Wednesday, July 18, 2007

Bavarian Village letter sent to Alberto Gonzales

Will embattled attorney general deal with local issue?


By ANDY STINY
Express Staff Writer

Photo by Associated Press Washington, D.C., lobbyist George Nethercutt Jr. makes a public appearance with President George W. Bush. Nethercutt has been hired by the city of Ketchum to lobby on behalf of affordable housing interests in West Ketchum.

A letter signed by most of the Idaho congressional delegation has been sent to U.S. Attorney General Alberto Gonzales asking for his help in resolving a dispute between the U.S. Attorney's Office in Boise and the city of Ketchum over the Bavarian Village apartments.

Dated July 12, the letter was signed by Idaho Sens. Larry Craig and Mike Crapo and Rep. Mike Simpson. However, Ketchum City Attorney Ben Wurst said it was drafted by George Nethercutt Jr., a former congressman and well-connected Washington lobbyist hired by the city.

Eric Ablin, a spokesman with the U.S. Attorney General's Office, said on Monday that Gonzales had not yet received the letter.

The letter asks Gonzales for a meeting among himself or his representative, the Idaho delegation and the city of Ketchum.

"We propose that your office take steps to secure the transfer of the asset in question to the city of Ketchum or other appropriate entity in order that the local housing problem can be addressed," the letter states.

Bavarian Village became government property in 2004 after a local convicted drug smuggler forfeited them. Advocates for Real Community Housing offered the sole bid for the property when it was put up for auction by the U.S. Internal Revenue Service in October 2005, but the IRS rejected the bid as too low.
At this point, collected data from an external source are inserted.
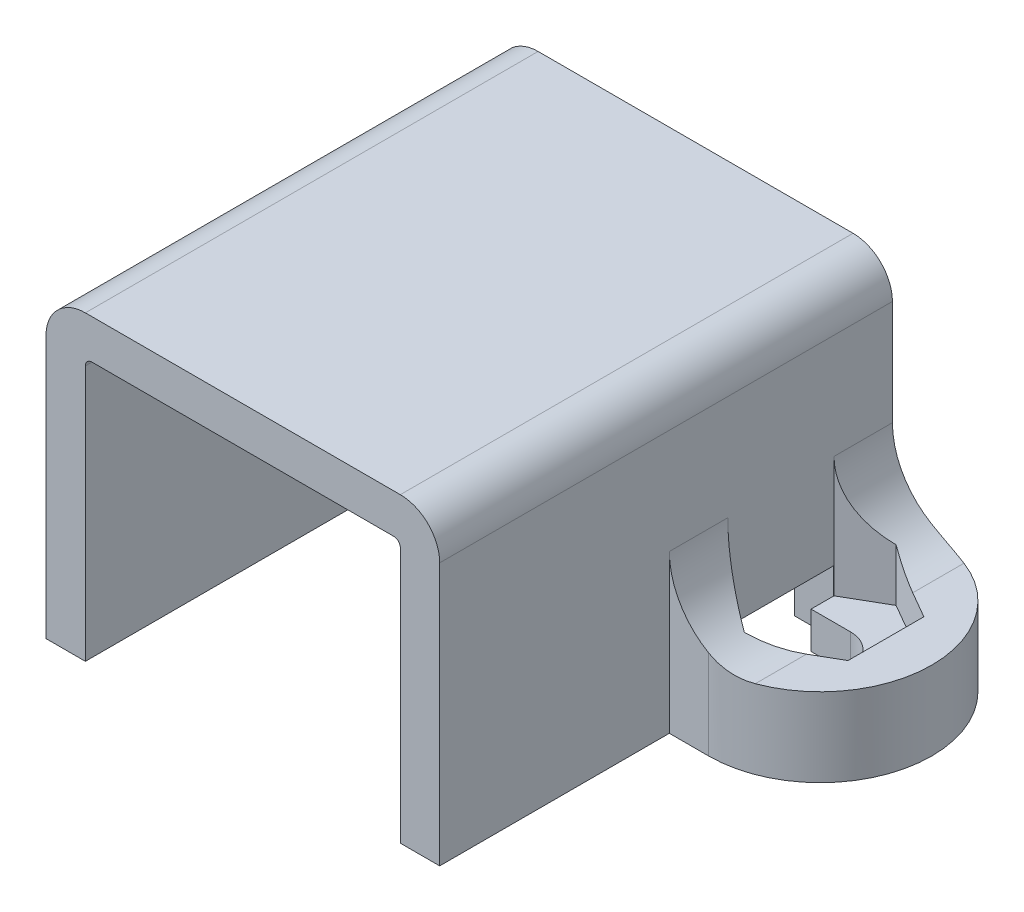
SolidWorks part; units mm, degrees
ref_plane "Front Plane" through (0, 0, 0) normal (0, 0, 1) x (1, 0, 0)
ref_plane "Top Plane" through (0, 0, 0) normal (0, 1, 0) x (1, 0, 0)
ref_plane "Right Plane" through (0, 0, 0) normal (1, 0, 0) x (0, 0, -1)
sketch "Sketch1" plane through (0, 0, 0) normal (0, 0, 1) x (1, 0, 0)
  line L0 (0, 0) -> (0, 11.5)
  line L1 (0, 11.5) -> (15, 11.5)
  line L2 (15, 11.5) -> (15, 0)
  line L3 (15, 0) -> (13.5, 0)
  line L4 (13.5, 0) -> (13.5, 10)
  line L5 (13.5, 10) -> (1.5, 10)
  line L6 (1.5, 10) -> (1.5, 0)
  line L7 (1.5, 0) -> (0, 0)
  dimension "D1" = 15
  dimension "D2" = 11.5
  dimension "D3" = 1.5
  dimension "D4" = 1.5
  dimension "D5" = 1.5
extrude "Boss-Extrude1" add sketch "Sketch1" along normal blind 17.25
fillet "Fillet1" radius 1.5 2 edges at (0, 11.5, 8.625) (15, 11.5, 8.625)
sketch "Sketch2" plane through (0, 0, 0) normal (0, -1, 0) x (1, 0, 0)
  line L0 (0, 0) -> (0, 8.5)
  line L1 (0, 17.25) -> (0, 0) construction
  line L2 (0, 8.5) -> (-1.5, 8.5)
  line L3 (0, 0) -> (-1.5, 0)
  line L4 (7.5, 0) -> (7.5, 18.3689) construction
  line L5 (1.5, 0) -> (13.5, 0) construction
  line L6 (15, 0) -> (16.5, 0)
  line L7 (15, 8.5) -> (16.5, 8.5)
  line L8 (15, 0) -> (15, 8.5)
  arc A0 (-1.5, 0) -> (-1.5, 8.5) centre (-1.5, 4.25) cw
  arc A1 (16.5, 0) -> (16.5, 8.5) centre (16.5, 4.25) ccw
  dimension "D1" = 8.5
  dimension "D2" = 18
extrude "Boss-Extrude2" add sketch "Sketch2" against normal blind 3
fillet "Fillet2" radius 0.25 2 edges at (1.5, 10, 8.625) (13.5, 10, 8.625)
sketch "Sketch3" plane through (0, 0, 0) normal (0, -1, 0) x (1, 0, 0)
  line L0 (13.5, 2.24) -> (13.5, 6.27)
  line L1 (13.5, 17.25) -> (13.5, 0) construction
  line L2 (13.5, 0) -> (16.5, 0) construction
  line L3 (13.5, 2.24) -> (15, 2.24)
  line L4 (15, 2.24) -> (15, 3.1)
  line L5 (15, 6.27) -> (13.5, 6.27)
  line L6 (15, 5.41) -> (16.5, 5.41)
  line L7 (15, 3.1) -> (16.5, 3.1)
  line L8 (15, 5.41) -> (15, 6.27)
  line L9 (7.5, 17.25) -> (7.5, -5.5563) construction
  line L10 (1.75, 17.25) -> (13.25, 17.25) construction
  line L11 (0, 5.41) -> (0, 6.27)
  line L12 (0, 3.1) -> (-1.5, 3.1)
  line L13 (0, 5.41) -> (-1.5, 5.41)
  line L14 (0, 6.27) -> (1.5, 6.27)
  line L15 (0, 2.24) -> (0, 3.1)
  line L16 (1.5, 2.24) -> (0, 2.24)
  line L17 (1.5, 2.24) -> (1.5, 6.27)
  line L18 (13.5, 17.25) -> (13.5, 0) construction
  line L19 (1.5, 17.25) -> (1.5, 0) construction
  arc A0 (16.5, 5.41) -> (16.5, 3.1) centre (16.5, 4.255) cw
  arc A1 (-1.5, 5.41) -> (-1.5, 3.1) centre (-1.5, 4.255) ccw
  dimension "D1" = 2.24
  dimension "D2" = 4.03
  dimension "D3" = 1.5
  dimension "D4" = 0.86
  dimension "D5" = 0.86
  dimension "D6" = 1.5
  dimension "D7" = 1.5
extrude "Cut-Extrude5" cut sketch "Sketch3" against normal blind 1.4
sketch "Sketch4" plane through (0, 1.4, 0) normal (0, -1, 0) x (1, 0, 0)
  line L0 (1.5, 2.24) -> (1.5, 6.27)
  line L1 (1.5, 6.27) -> (0, 6.27)
  line L2 (0, 6.27) -> (0, 2.24)
  line L3 (7.5, 0) -> (7.5, 17.25) construction
  line L4 (1.75, 0) -> (13.25, 0) construction
  line L5 (1.75, 17.25) -> (13.25, 17.25) construction
  line L6 (0, 2.24) -> (1.5, 2.24)
  line L7 (15, 2.24) -> (13.5, 2.24)
  line L8 (15, 6.27) -> (15, 2.24)
  line L9 (13.5, 6.27) -> (15, 6.27)
  line L10 (13.5, 2.24) -> (13.5, 6.27)
extrude "Cut-Extrude7" cut sketch "Sketch4" against normal blind 1
sketch "Sketch5" plane through (0, 3, 0) normal (0, 1, 0) x (1, 0, 0)
  line L0 (-1.5, -1.36) -> (-1.5, -7.2434) construction
  line L1 (-1.5, -1.36) -> (-4.0028, -2.805)
  line L2 (-4.0028, -2.805) -> (-4.0028, -5.695)
  line L3 (-4.0028, -5.695) -> (-1.5, -7.14)
  line L4 (-1.5, -7.14) -> (0, -6.274)
  line L6 (0, -2.226) -> (-1.5, -1.36)
  line L7 (0, -2.226) -> (0, -6.274)
  line L8 (0, 0) -> (0, -8.5) construction
  line L9 (7.5, 0) -> (7.5, -17.25) construction
  line L10 (1.0028, -5.695) -> (1.0028, -4.25) [skipped]
  line L11 (13.5, 0) -> (1.5, 0) construction
  line L12 (13.5, -17.25) -> (1.5, -17.25) construction
  line L13 (16.5, -1.36) -> (16.5, -7.2434) construction
  line L14 (15, -2.226) -> (15, -6.274)
  line L15 (15, -2.226) -> (16.5, -1.36)
  line L16 (16.5, -7.14) -> (15, -6.274)
  line L17 (19.0028, -5.695) -> (16.5, -7.14)
  line L18 (19.0028, -2.805) -> (19.0028, -5.695)
  line L19 (16.5, -1.36) -> (19.0028, -2.805)
  circle A0 centre (-1.5, -4.25) radius 2.5028 construction
  circle A1 centre (16.5, -4.25) radius 2.5028 construction
  dimension "D1" = 2.89
extrude "Cut-Extrude9" cut sketch "Sketch5" against normal blind 1.6
fillet "Fillet4" radius 3 4 edges at (15, 3, 1.113) (15, 3, 7.387) (0, 3, 1.113) (0, 3, 7.387)

The U.S. Attorney's Office in Boise has alleged that the city intimidated others from bidding. Both the city and ARCH deny that accusation, but the U.S. attorney has threatened legal action.

Asked if Gonzales might intervene in such a matter, spokesman Ablin said, "that depends." He said the letter would have to be reviewed first.

The letter states that the city wants to ensure that any sale of the property "will not result in the elimination of low-cost housing." It adds that such housing is scarce and that its lack is hurting the local economy. The letter asks that "no further steps be taken by your office to sell the property until we have exhausted the opportunity for settlement."

In a letter dated April 11, Assistant U.S. Attorney Anthony Hall in Boise stated that his office had tried to work with the city and ARCH so they could buy the property for the government's previously undisclosed minimum bid of $3.5 million, but that the parties could not raise the money.

"It is illegal to interfere with a federal auction," Hall added.

In the same letter, Hall responding to a request by the Sun Valley city attorney asking for direct negotiation between the federal government and the city of Ketchum by stating that there is no authority allowing "the United States to bypass public commercial sale requirements of the law." Asked about that requirement, spokesman Ablin said he could not comment on the case.

Gonzales has been in the heat of controversy for several months over allegations that his firing of nine U.S. Attorneys in December was politicized. Numerous Democrats and some Republicans have called for his resignation following what they said was less than forthcoming testimony before the Senate Judiciary Committee hearing that investigated the firings in April. The Washington, D.C.-based organization Common Cause has called for Gonzales' resignation "for demonstrating a reckless disregard for the obligations of his office by subverting the public interest for partisan political concerns," its Web site stated. Common Cause advocates "accountable government."

President George W. Bush and Gonzales have said the firings were mishandled but justified and have dismissed calls for the attorney general's resignation.

Asked what the mood was at the Department of Justice (the Attorney General's office), Albin said he could not say anything on the record.

Last week the House Judiciary Subcommittee rejected Bush's contention that "executive privilege" allowed him to order former White House counsel Harriet Miers not to testify before the subcommittee on her knowledge of the firings. The full committee could vote to hold Miers in contempt of Congress.

The U.S. Constitution does not expressly mention "executive privilege," a contention used by presidents to resist encroachments by Congress including requests for information, stated the legal news Web site, FindLaw. The U.S. Supreme Court rejected President Nixon's claim of executive privilege during the 1974 Watergate scandal when it ordered him to turn over Oval Office tapes and records in the criminal case against members of his administration, the Web site stated.